- Genre: Documentary
- Created by: Mint Productions
- Country of origin: Ireland
- No. of episodes: 4

Production
- Running time: 4X60 minutes

Original release
- Network: RTÉ One
- Release: 3 November 2008

= Bertie (TV series) =

2008 Irish TV miniseries

Bertie is a four-part miniseries documenting the life of former Taoiseach Bertie Ahern, which began airing on Irish television channel RTÉ One on 3 November 2008. Featuring interviews interwoven with archive footage, the series examined how he led the country and what drove him through his political career.

==Synopsis==
The series featured contributions from more than 70 people directly linked with Ahern, including family members, schoolfriends and national and international politicians. A central aspect of the programme was a "marathon" interview with Ahern. This interview was conducted shortly after he resigned as Taoiseach and leader of the Fianna Fáil political party in May 2008.

An interview with Tony Blair and contributions from former Cabinet colleagues Charlie McCreevy and Mary O'Rourke were included. His former wife Miriam Ahern and their daughters, Cecelia and Georgina were interviewed. Amongst those declining an interview were Ahern's former partner Celia Larkin. Other Cabinet ministers and junior ministers interviewed included Dermot Ahern, Willie O'Dea, Brian Lenihan, Martin Cullen, Mary Harney, Conor Lenihan and Noel Ahern. Among the other figures interviewed were Des Richardson, Joe Burke, Barry English, David McKenna, Chris Wall, Paddy Duffy and Royston Brady.

Ahern's successor as Taoiseach, Brian Cowen, did not contribute to the programme. Brian Lenihan described Ahern in the documentary as "a man who is utterly consumed by politics and by the exercise of power and he has devoted much of his life to that exercise".

==Production==
Producer Steve Carson said: "It is a political biography of the Taoiseach while also covering Ireland's political history from 1992, where the Haughey series left off."

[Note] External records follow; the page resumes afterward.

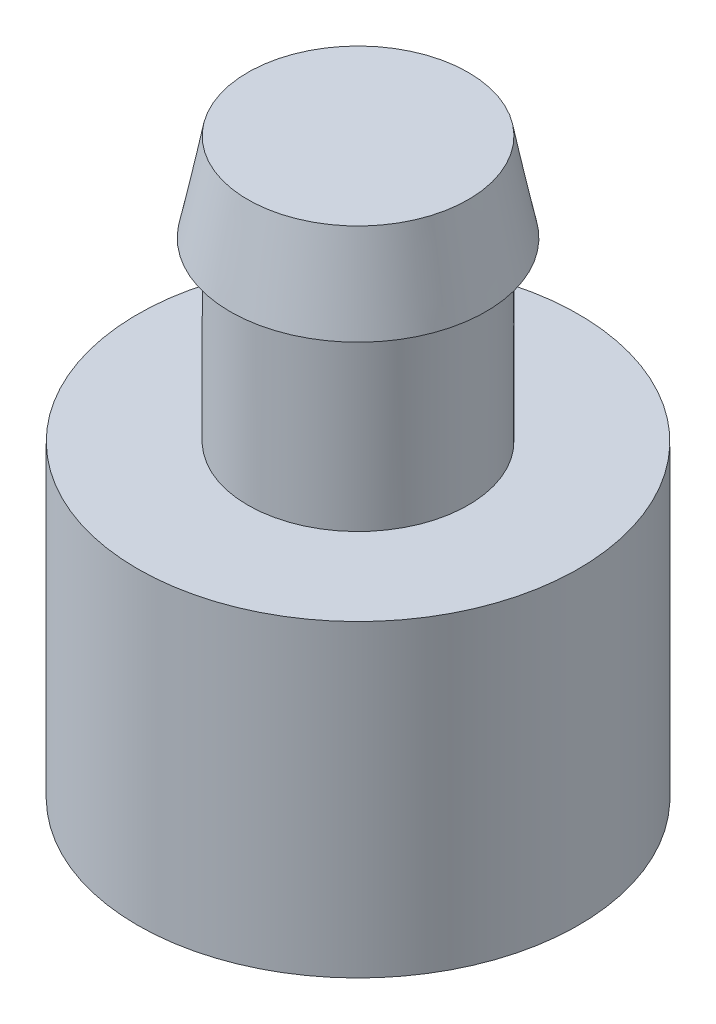
from build123d import *

# Parameters (mm, degrees)
SKETCH1_R           = 2.5
BOSS_EXTRUDE1_DEPTH = 3.5
SKETCH2_R           = 1.25
BOSS_EXTRUDE2_DEPTH = 3


with BuildPart() as part:
    # Sketch1 → Boss-Extrude1 (new body)
    with BuildSketch(Plane(origin=(0, 0, 0), x_dir=(1, 0, 0), z_dir=(0, 1, 0))):
        with Locations(Location((0, 0, 0), (0, 0, 270))):
            Circle(SKETCH1_R)
    extrude(amount=BOSS_EXTRUDE1_DEPTH)

    # Sketch2 → Boss-Extrude2 (add)
    with BuildSketch(Plane(origin=(0, 3.5, 0), x_dir=(1, 0, 0), z_dir=(0, 1, 0))):
        with Locations(Location((0, 0, 0), (0, 0, 270))):
            Circle(SKETCH2_R)
    extrude(amount=BOSS_EXTRUDE2_DEPTH)

    # Sketch3 → Revolve1 (revolve)
    with BuildSketch(Plane.XY, mode=Mode.PRIVATE) as revolve1_sk:
        Polygon((1.25, 6.5), (1.25, 5.5), (1.45, 5.5), align=None)
    revolve(revolve1_sk.sketch.rotate(Axis((0, 0, 0), (0, 1, 0)), 90), axis=Axis((0, 0, 0), (0, 1, 0)))


solid = part.part
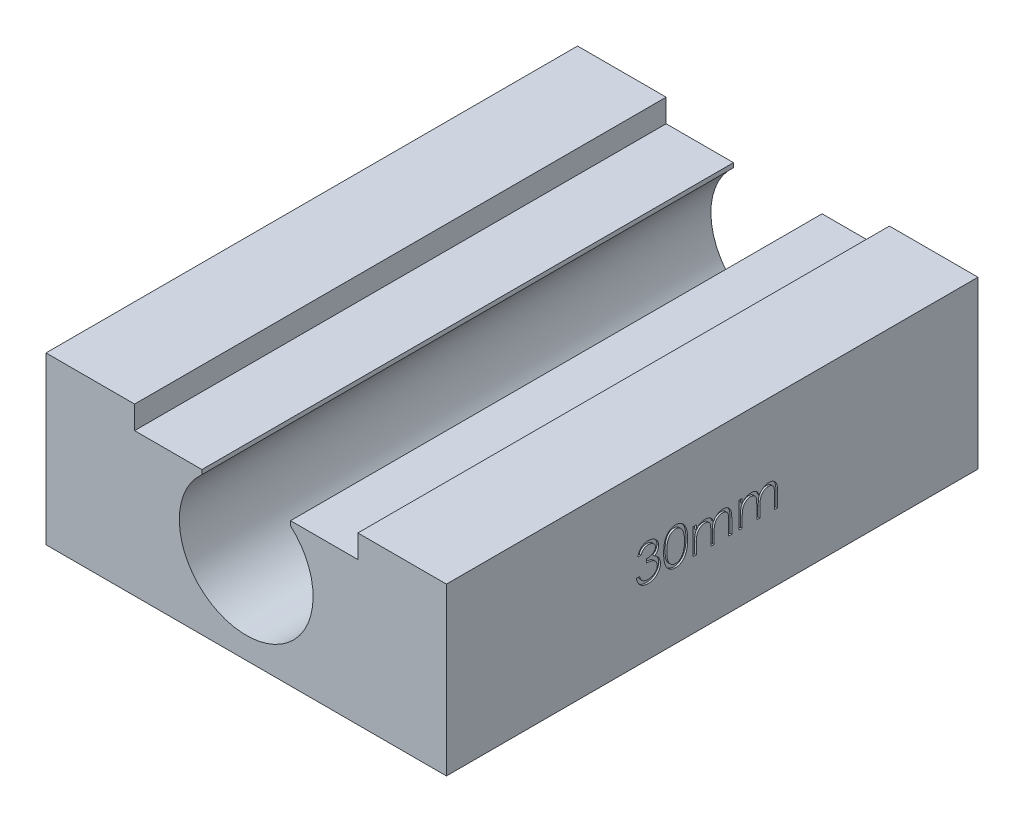
from build123d import *

# Parameters (mm, degrees)
BOSS_EXTRUDE1_DEPTH = 120
CUT_EXTRUDE1_DEPTH  = 0.4


with BuildPart() as part:
    # Sketch1 → Boss-Extrude1 (new body)
    with BuildSketch(Plane.XY):
        with BuildLine():
            Line((-25.2, 17.514150432), (-45.2, 17.514150432))
            Line((-45.2, 17.514150432), (-45.2, -20))
            Line((-45.2, -20), (45.2, -20))
            Line((45.2, -20), (45.2, 17.514150432))
            Line((45.2, 17.514150432), (25.2, 17.514150432))
            Line((25.2, 17.514150432), (25.2, 12.314150432))
            Line((25.2, 12.314150432), (10, 12.314150432))
            Line((10, 12.314150432), (10, 11.314150432))
            ThreePointArc((10, 11.314150432), (13.766081505, 6.205239721), (15.1, 0))
            ThreePointArc((15.1, 0), (-6.205239721, -13.766081505), (-10, 11.314150432))
            Line((-10, 11.314150432), (-10, 12.314150432))
            Line((-10, 12.314150432), (-25.2, 12.314150432))
            Line((-25.2, 12.314150432), (-25.2, 17.514150432))
        make_face()
    extrude(amount=BOSS_EXTRUDE1_DEPTH)

    # Sketch2 → Cut-Extrude1 (cut)
    # profile 1 of 4: a face of its own
    with BuildSketch(Plane(origin=(45.2, 0, 0), x_dir=(0, 0, -1), z_dir=(1, 0, 0))):
        with BuildLine():
            Line((-76.09656967, 1.200595483), (-76.814518387, 1.200595483))
            add(Edge.make_bspline(
                [(-76.814518387, 1.200595483), (-76.795067986, 1.281126875), (-76.757044042, 1.438559159), (-76.677735302, 1.663490041), (-76.591337005, 1.876343805), (-76.48759048, 2.07313483), (-76.374427613, 2.257818036), (-76.244775678, 2.426204607), (-76.104616313, 2.582577099), (-75.949587857, 2.721350213), (-75.787008059, 2.847013595), (-75.614586071, 2.954156583), (-75.435790885, 3.046326075), (-75.249383724, 3.122258034), (-75.054809618, 3.179459231), (-74.853827621, 3.2209605), (-74.64591105, 3.247911619), (-74.5047737, 3.250541934), (-74.433108131, 3.251877534)],
                knots=[0, 0, 0, 0, 1.162005537, 2.271625781, 3.343758855, 4.383309926, 5.390229558, 6.379919256, 7.361854164, 8.333198761, 9.295911338, 10.242430842, 11.177959212, 12.116337295, 13.062827104, 14.020064771, 14.994644689, 16, 16, 16, 16], degree=3))
            add(Edge.make_bspline(
                [(-74.433108131, 3.251877534), (-74.328690435, 3.248725008), (-74.122132696, 3.242488721), (-73.818674303, 3.185541438), (-73.526041573, 3.09542685), (-73.247437578, 2.970915473), (-72.988652589, 2.817344472), (-72.758398448, 2.63456793), (-72.559796138, 2.426112384), (-72.393180417, 2.195866523), (-72.262723277, 1.949796787), (-72.166525852, 1.696539285), (-72.107962009, 1.436694779), (-72.100372165, 1.26124957), (-72.09656967, 1.173351893)],
                knots=[0, 0, 0, 0, 1.083050992, 2.142477498, 3.193116406, 4.255571735, 5.30263384, 6.308962982, 7.297363603, 8.282367274, 9.249857812, 10.179914175, 11.08814088, 12, 12, 12, 12], degree=3))
            add(Edge.make_bspline(
                [(-72.09656967, 1.173351893), (-72.099229306, 1.088764934), (-72.104433802, 0.923241381), (-72.148625129, 0.681592245), (-72.22299373, 0.453840015), (-72.32601033, 0.239025931), (-72.459362445, 0.038512011), (-72.620900038, -0.148152882), (-72.811763265, -0.321796672), (-72.956400838, -0.421269753), (-73.030864541, -0.47248144)],
                knots=[0, 0, 0, 0, 1.024540389, 2.004866551, 2.965041327, 3.920577974, 4.882998113, 5.874504559, 6.905732034, 8, 8, 8, 8], degree=3))
            add(Edge.make_bspline(
                [(-73.030864541, -0.47248144), (-72.945763388, -0.513574403), (-72.77715339, -0.594991449), (-72.547323608, -0.754661752), (-72.338688464, -0.939019118), (-72.222337107, -1.082888039), (-72.163877362, -1.155173748)],
                knots=[0, 0, 0, 0, 1.015518401, 2.012035669, 3.001164323, 4, 4, 4, 4], degree=3))
            add(Edge.make_bspline(
                [(-72.163877362, -1.155173748), (-72.125382865, -1.20787718), (-72.049024245, -1.312420989), (-71.954771597, -1.480504248), (-71.86926505, -1.65045051), (-71.802635977, -1.826814866), (-71.751038567, -2.007553183), (-71.714156208, -2.192975803), (-71.691243886, -2.38323414), (-71.687962624, -2.51194838), (-71.686313259, -2.576648107)],
                knots=[0, 0, 0, 0, 1.025084078, 2.033381695, 3.024893161, 4.013698104, 4.991890475, 5.976764909, 6.982997093, 8, 8, 8, 8], degree=3))
            add(Edge.make_bspline(
                [(-71.686313259, -2.576648107), (-71.690415004, -2.688670326), (-71.698599192, -2.912187588), (-71.771751362, -3.242415523), (-71.885153055, -3.565216671), (-72.04619748, -3.873959161), (-72.242466071, -4.162828603), (-72.475968527, -4.421288738), (-72.744051746, -4.643456976), (-73.043036086, -4.829080355), (-73.366960951, -4.977464177), (-73.713419447, -5.080452618), (-74.077419571, -5.147529188), (-74.327036251, -5.154722032), (-74.453941464, -5.158378876)],
                knots=[0, 0, 0, 0, 0.955779014, 1.907060117, 2.875433937, 3.871313158, 4.872415639, 5.851225146, 6.836215519, 7.83643374, 8.849228613, 9.86973379, 10.916971861, 12, 12, 12, 12], degree=3))
            add(Edge.make_bspline(
                [(-74.453941464, -5.158378876), (-74.539471294, -5.156394388), (-74.707765477, -5.152489579), (-74.955179187, -5.125795633), (-75.191343071, -5.077041336), (-75.416576438, -5.01143378), (-75.631079378, -4.928252656), (-75.834197333, -4.82466706), (-76.027179947, -4.702812198), (-76.208206121, -4.561249712), (-76.377254276, -4.402892364), (-76.529831931, -4.224928913), (-76.668482886, -4.030649132), (-76.789494632, -3.817796432), (-76.898379095, -3.589121559), (-76.987935567, -3.341696419), (-77.066759724, -3.077732941), (-77.103407643, -2.89378382), (-77.122210695, -2.799404517)],
                knots=[0, 0, 0, 0, 1.048658725, 2.063410685, 3.046034179, 4.001477787, 4.936774919, 5.862367409, 6.792675028, 7.730719943, 8.675894397, 9.627829632, 10.600096036, 11.597688215, 12.626045268, 13.701542398, 14.82072376, 16, 16, 16, 16], degree=3))
            Line((-77.122210695, -2.799404517), (-76.404261977, -2.799404517))
            add(Edge.make_bspline(
                [(-76.404261977, -2.799404517), (-76.385557311, -2.861002261), (-76.349175111, -2.980815225), (-76.287245287, -3.15325021), (-76.216689236, -3.31132576), (-76.140998816, -3.456201467), (-76.061505226, -3.589304101), (-75.972556825, -3.707114088), (-75.880741636, -3.814805979), (-75.811531686, -3.875479377), (-75.777659413, -3.905173748)],
                knots=[0, 0, 0, 0, 1.198163088, 2.33053128, 3.407730985, 4.417276592, 5.372219308, 6.28897303, 7.162600585, 8, 8, 8, 8], degree=3))
            add(Edge.make_bspline(
                [(-75.777659413, -3.905173748), (-75.732867238, -3.939707082), (-75.643421152, -4.008667155), (-75.497665195, -4.096670877), (-75.344374027, -4.172924649), (-75.1802262, -4.231173097), (-75.008763867, -4.280493464), (-74.827215604, -4.312768937), (-74.637183108, -4.334913328), (-74.50742822, -4.336867457), (-74.441120952, -4.337866055)],
                knots=[0, 0, 0, 0, 0.946170439, 1.889420265, 2.845303464, 3.807233317, 4.801018734, 5.828864929, 6.890507805, 8, 8, 8, 8], degree=3))
            add(Edge.make_bspline(
                [(-74.441120952, -4.337866055), (-74.366255803, -4.336458272), (-74.219863467, -4.333705473), (-74.00625236, -4.308389572), (-73.803035337, -4.271520055), (-73.612468649, -4.214576094), (-73.432056061, -4.144219863), (-73.264326576, -4.05588065), (-73.107078334, -3.952235572), (-72.962325407, -3.834431781), (-72.832164247, -3.705468364), (-72.717559645, -3.570581344), (-72.620131847, -3.430339448), (-72.541540812, -3.2839666), (-72.479482411, -3.132068934), (-72.437235095, -2.974220181), (-72.407860204, -2.811712144), (-72.405467947, -2.701245929), (-72.404261977, -2.645558363)],
                knots=[0, 0, 0, 0, 1.217147791, 2.380027433, 3.494444702, 4.572153297, 5.609568379, 6.639424714, 7.649109417, 8.668170816, 9.669597737, 10.625200337, 11.543417969, 12.441394052, 13.322311151, 14.205496177, 15.095365482, 16, 16, 16, 16], degree=3))
            add(Edge.make_bspline(
                [(-72.404261977, -2.645558363), (-72.407759809, -2.57101816), (-72.414738069, -2.422308655), (-72.468014822, -2.203525628), (-72.555646511, -1.992729257), (-72.678326537, -1.793516023), (-72.827665345, -1.608885391), (-73.002213704, -1.444150573), (-73.203421083, -1.308218937), (-73.388609355, -1.214302008), (-73.552643999, -1.150217265), (-73.69302202, -1.107531632), (-73.850179971, -1.071386133), (-74.02221734, -1.037758084), (-74.210430406, -1.009137859), (-74.414614264, -0.985270852), (-74.634810291, -0.966173615), (-74.787247241, -0.957645398), (-74.865800439, -0.953250671)],
                knots=[0, 0, 0, 0, 1.07054697, 2.135767047, 3.216561865, 4.33974944, 5.486079747, 6.621378074, 7.775625952, 8.963672916, 9.598146892, 10.304877434, 11.070270905, 11.915000392, 12.823868403, 13.805723172, 14.86925407, 16, 16, 16, 16], degree=3))
            Line((-74.865800439, -0.953250671), (-74.865800439, -0.13273785))
            add(Edge.make_bspline(
                [(-74.865800439, -0.13273785), (-74.766826346, -0.131058299), (-74.572960411, -0.12776847), (-74.289773428, -0.087978732), (-74.018977286, -0.032937297), (-73.766573305, 0.051371714), (-73.536519103, 0.149292393), (-73.336931441, 0.2632403), (-73.170606533, 0.389902584), (-73.038352655, 0.531234263), (-72.938857275, 0.682811514), (-72.86611031, 0.840792446), (-72.823138135, 1.006561728), (-72.817401754, 1.119692398), (-72.814518387, 1.176557022)],
                knots=[0, 0, 0, 0, 1.321986639, 2.589447074, 3.816329219, 5.01088745, 6.139805852, 7.153945165, 8.075214402, 8.924034688, 9.728124013, 10.488707548, 11.240355623, 12, 12, 12, 12], degree=3))
            add(Edge.make_bspline(
                [(-72.814518387, 1.176557022), (-72.815465613, 1.218334725), (-72.817350072, 1.301449484), (-72.841115278, 1.422878212), (-72.876827372, 1.54059466), (-72.925923896, 1.654098226), (-72.991638636, 1.76260171), (-73.070280891, 1.867030164), (-73.163922263, 1.966787373), (-73.271226142, 2.059770961), (-73.386453125, 2.14838636), (-73.512738325, 2.223617531), (-73.646274038, 2.287949101), (-73.787208107, 2.340999392), (-73.93599789, 2.380906336), (-74.091944308, 2.409559688), (-74.255344727, 2.427474327), (-74.366822972, 2.430053564), (-74.423492746, 2.431364714)],
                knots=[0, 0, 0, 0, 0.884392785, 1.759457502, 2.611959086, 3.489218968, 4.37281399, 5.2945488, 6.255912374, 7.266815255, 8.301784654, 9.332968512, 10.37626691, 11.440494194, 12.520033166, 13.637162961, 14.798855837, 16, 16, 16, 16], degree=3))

Bertie was produced by Mint Productions, who also produced the 2003 programme, Fine Gael: A Family at War and in 2005 Haughey documentary series. also directed by Carson. The show was envisaged and production commenced before Ahern resigned from office.

==List of episodes==

===Part one===
The opening episode was broadcast on 3 November 2008 on RTÉ One. It traced Ahern's life up to the Irish general election in 1989, detailing his years as an accounts clerk in the Mater Hospital, Dublin and his fledgling political career, during which he won a seat in Dáil Éireann in 1977 on his first campaign. The programme outlined the close bond he forged with his party leader at the time, Charles Haughey, whilst serving as Fianna Fáil chief whip.

===Part two===
The second episode was broadcast on 10 November 2008, commenced with the 1990 Irish presidential election, in which Mary Robinson became the country's first female president, and follows Ahern's career up to his appointment as leader of the Fianna Fáil political party in 1994.

===Part three===
The third episode was broadcast on 17 November 2008, focused on the period from 1994, when Ahern very nearly formed a coalition Government with the Labour. There was also the issue of the briefcase full of cash delivered by Michael Wall to Ahern's constituency office in St Lukes, the previous weekend; the cash was passed on to Celia Larkin who lodged it in an AIB account. From there the focus switched to the 1997 general election, when a minute increase in Fianna Fáil's share of the vote saw him elected Taoiseach for the first time in a coalition Government with the Progressive Democrats. Subsequently, the extensive negotiations in Stormont, leading to the Good Friday Agreement.

===Part four===
The fourth episode was broadcast on 24 November 2008, focused on the period from early 1999 up to 2008. The Planning Tribunal, Mahon Tribunal was set up in 1998 to "enquire urgently" into planning affairs in Dublin. Nearly a decade later it would focus on Ahern's missing bank accounts and a pattern of lodgements and withdrawals noticeably larger than his salary between 1993 and 1995. His subsequent attempts to explain this on the RTÉ Six One News in September 2006 and the coining of the term "dig-out" entered Irish political folklore. His performance at the Tribunal and dichotomies in his evidence featured there.

==Reception==
601,000 watched the first episode, 594,000 watched the second episode and "in excess" of 500,000 were said to have watched the third episode. Ahern was not amongst the viewers, preferring to "listen to others' views on it at this stage" and watch it later when the series has completed broadcasting.

It won an IFTA at the 6th Annual Irish Film & Television Awards 2009.